= WHAT YOU HAVE TO DO =
When a line of the entries contains the word "symbol", report that line.

= Recorded data =
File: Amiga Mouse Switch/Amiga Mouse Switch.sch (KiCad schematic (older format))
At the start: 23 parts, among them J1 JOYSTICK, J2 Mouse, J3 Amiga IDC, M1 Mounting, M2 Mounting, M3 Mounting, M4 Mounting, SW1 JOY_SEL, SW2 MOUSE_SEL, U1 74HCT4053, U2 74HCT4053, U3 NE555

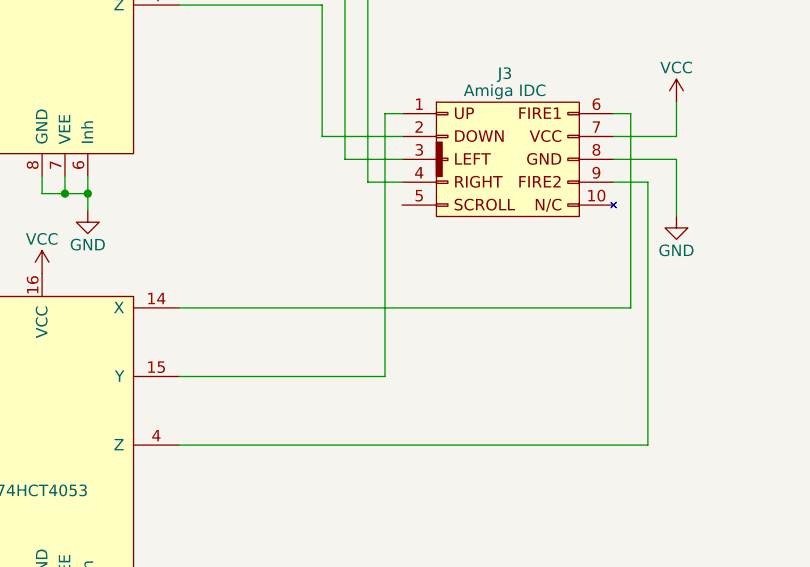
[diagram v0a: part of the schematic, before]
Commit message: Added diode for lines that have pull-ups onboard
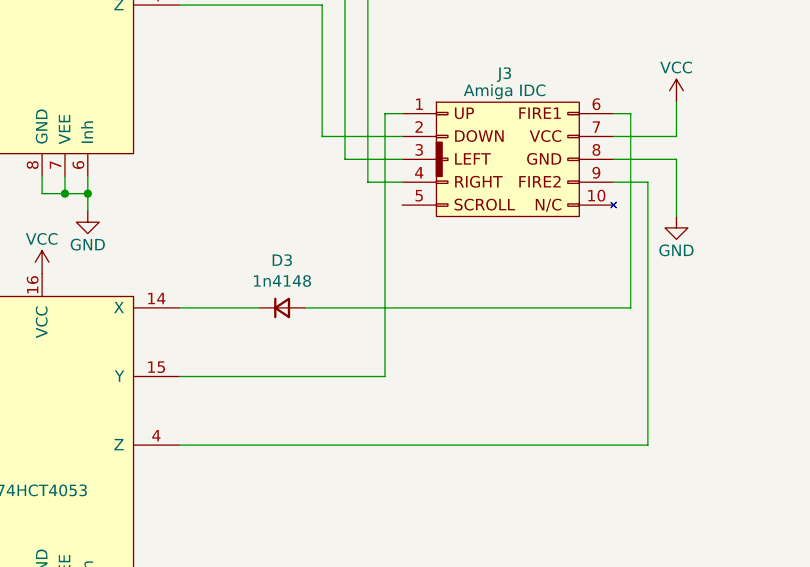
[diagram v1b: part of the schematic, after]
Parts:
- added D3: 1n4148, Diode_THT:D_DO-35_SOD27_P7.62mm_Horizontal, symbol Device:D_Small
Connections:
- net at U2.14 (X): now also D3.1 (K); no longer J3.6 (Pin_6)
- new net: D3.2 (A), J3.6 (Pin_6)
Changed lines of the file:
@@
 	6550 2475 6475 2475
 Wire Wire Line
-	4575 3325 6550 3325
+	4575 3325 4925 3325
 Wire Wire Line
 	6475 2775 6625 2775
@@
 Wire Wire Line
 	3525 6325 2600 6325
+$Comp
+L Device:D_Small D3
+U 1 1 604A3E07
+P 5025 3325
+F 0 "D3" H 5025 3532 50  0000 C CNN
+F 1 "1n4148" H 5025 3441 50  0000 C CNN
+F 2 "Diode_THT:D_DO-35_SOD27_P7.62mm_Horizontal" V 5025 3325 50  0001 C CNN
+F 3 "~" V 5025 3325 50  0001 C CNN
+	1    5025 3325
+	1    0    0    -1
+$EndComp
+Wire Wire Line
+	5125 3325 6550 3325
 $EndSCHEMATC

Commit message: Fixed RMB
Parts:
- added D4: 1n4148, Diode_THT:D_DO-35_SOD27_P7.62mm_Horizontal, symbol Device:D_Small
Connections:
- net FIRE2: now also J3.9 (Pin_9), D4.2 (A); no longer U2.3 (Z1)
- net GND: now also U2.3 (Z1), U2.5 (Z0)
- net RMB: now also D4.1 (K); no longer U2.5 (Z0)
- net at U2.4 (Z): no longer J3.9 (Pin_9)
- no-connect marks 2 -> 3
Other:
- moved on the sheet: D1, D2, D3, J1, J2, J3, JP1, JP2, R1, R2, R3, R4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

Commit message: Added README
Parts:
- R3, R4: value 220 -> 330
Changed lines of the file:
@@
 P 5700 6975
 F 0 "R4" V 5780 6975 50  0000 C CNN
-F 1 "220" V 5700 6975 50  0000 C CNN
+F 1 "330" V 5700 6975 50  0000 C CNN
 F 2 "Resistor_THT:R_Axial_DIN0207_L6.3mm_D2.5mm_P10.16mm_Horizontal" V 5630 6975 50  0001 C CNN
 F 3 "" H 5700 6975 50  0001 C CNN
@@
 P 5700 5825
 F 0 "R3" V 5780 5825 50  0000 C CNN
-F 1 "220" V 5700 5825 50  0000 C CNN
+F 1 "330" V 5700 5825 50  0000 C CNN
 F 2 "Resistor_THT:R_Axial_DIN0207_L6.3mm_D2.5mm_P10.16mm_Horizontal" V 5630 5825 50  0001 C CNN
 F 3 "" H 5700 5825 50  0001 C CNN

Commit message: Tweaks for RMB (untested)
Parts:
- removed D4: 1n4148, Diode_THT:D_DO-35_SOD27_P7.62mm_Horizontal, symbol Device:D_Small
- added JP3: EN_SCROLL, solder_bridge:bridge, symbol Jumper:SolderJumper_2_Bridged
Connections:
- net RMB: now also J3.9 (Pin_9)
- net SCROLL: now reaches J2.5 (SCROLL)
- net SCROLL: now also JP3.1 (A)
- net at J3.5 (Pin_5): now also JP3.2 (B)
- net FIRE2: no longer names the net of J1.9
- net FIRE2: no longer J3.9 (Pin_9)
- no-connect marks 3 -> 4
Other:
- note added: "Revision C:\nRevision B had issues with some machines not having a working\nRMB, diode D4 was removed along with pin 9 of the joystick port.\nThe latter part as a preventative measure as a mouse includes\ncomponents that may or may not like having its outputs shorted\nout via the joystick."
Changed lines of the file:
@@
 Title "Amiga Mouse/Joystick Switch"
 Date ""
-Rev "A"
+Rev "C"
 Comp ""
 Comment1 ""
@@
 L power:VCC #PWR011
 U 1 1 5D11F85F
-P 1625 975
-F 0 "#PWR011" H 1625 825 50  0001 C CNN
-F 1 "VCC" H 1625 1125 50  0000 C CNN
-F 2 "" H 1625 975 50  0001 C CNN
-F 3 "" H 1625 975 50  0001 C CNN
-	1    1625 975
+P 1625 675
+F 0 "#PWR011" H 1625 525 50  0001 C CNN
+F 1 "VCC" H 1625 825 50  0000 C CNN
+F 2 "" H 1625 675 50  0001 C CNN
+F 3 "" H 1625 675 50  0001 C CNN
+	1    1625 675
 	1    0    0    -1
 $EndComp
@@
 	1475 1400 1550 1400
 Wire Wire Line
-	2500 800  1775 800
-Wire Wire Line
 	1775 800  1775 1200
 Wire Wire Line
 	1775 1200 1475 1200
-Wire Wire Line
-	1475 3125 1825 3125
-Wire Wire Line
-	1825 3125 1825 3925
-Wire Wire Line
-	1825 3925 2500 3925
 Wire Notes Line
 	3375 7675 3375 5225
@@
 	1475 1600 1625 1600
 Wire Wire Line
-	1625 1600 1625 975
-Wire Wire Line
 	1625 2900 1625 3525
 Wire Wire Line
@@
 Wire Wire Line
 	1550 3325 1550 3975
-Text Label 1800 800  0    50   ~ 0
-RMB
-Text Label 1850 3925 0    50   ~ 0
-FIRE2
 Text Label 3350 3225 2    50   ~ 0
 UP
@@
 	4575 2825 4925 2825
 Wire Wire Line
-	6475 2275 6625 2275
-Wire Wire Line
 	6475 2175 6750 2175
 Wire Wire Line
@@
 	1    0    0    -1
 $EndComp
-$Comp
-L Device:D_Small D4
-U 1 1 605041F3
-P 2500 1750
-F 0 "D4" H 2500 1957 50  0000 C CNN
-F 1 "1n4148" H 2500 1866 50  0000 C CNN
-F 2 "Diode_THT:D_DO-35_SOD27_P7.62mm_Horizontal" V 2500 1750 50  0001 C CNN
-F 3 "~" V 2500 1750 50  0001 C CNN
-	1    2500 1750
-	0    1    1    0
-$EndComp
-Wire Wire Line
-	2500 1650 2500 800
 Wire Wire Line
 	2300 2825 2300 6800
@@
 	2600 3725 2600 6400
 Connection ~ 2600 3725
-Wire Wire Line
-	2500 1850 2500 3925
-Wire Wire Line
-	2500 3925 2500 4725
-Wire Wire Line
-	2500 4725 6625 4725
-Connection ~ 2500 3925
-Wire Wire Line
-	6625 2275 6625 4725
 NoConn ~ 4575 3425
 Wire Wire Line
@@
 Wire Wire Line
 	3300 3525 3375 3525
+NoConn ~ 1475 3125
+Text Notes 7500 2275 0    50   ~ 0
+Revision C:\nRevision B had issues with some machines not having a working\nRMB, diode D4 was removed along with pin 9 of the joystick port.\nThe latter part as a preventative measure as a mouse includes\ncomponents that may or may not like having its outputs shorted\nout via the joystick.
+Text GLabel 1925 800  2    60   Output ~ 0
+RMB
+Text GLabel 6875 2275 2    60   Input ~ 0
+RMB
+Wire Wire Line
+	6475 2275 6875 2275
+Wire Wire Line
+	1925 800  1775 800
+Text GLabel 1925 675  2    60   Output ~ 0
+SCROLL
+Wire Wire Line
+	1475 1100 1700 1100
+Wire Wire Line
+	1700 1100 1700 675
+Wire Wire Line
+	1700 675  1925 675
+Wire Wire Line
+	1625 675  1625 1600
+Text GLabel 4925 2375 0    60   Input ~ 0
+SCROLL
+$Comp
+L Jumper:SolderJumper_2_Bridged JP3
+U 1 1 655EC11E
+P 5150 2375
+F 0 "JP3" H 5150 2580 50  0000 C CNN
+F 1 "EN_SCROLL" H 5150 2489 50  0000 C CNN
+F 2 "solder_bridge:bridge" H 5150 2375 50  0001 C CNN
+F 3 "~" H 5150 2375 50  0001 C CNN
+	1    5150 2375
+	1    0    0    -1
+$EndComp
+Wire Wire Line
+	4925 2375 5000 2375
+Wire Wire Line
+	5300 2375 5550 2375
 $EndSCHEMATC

= RESULT =
- added D3: 1n4148, Diode_THT:D_DO-35_SOD27_P7.62mm_Horizontal, symbol Device:D_Small
- added D4: 1n4148, Diode_THT:D_DO-35_SOD27_P7.62mm_Horizontal, symbol Device:D_Small
- removed D4: 1n4148, Diode_THT:D_DO-35_SOD27_P7.62mm_Horizontal, symbol Device:D_Small
- added JP3: EN_SCROLL, solder_bridge:bridge, symbol Jumper:SolderJumper_2_Bridged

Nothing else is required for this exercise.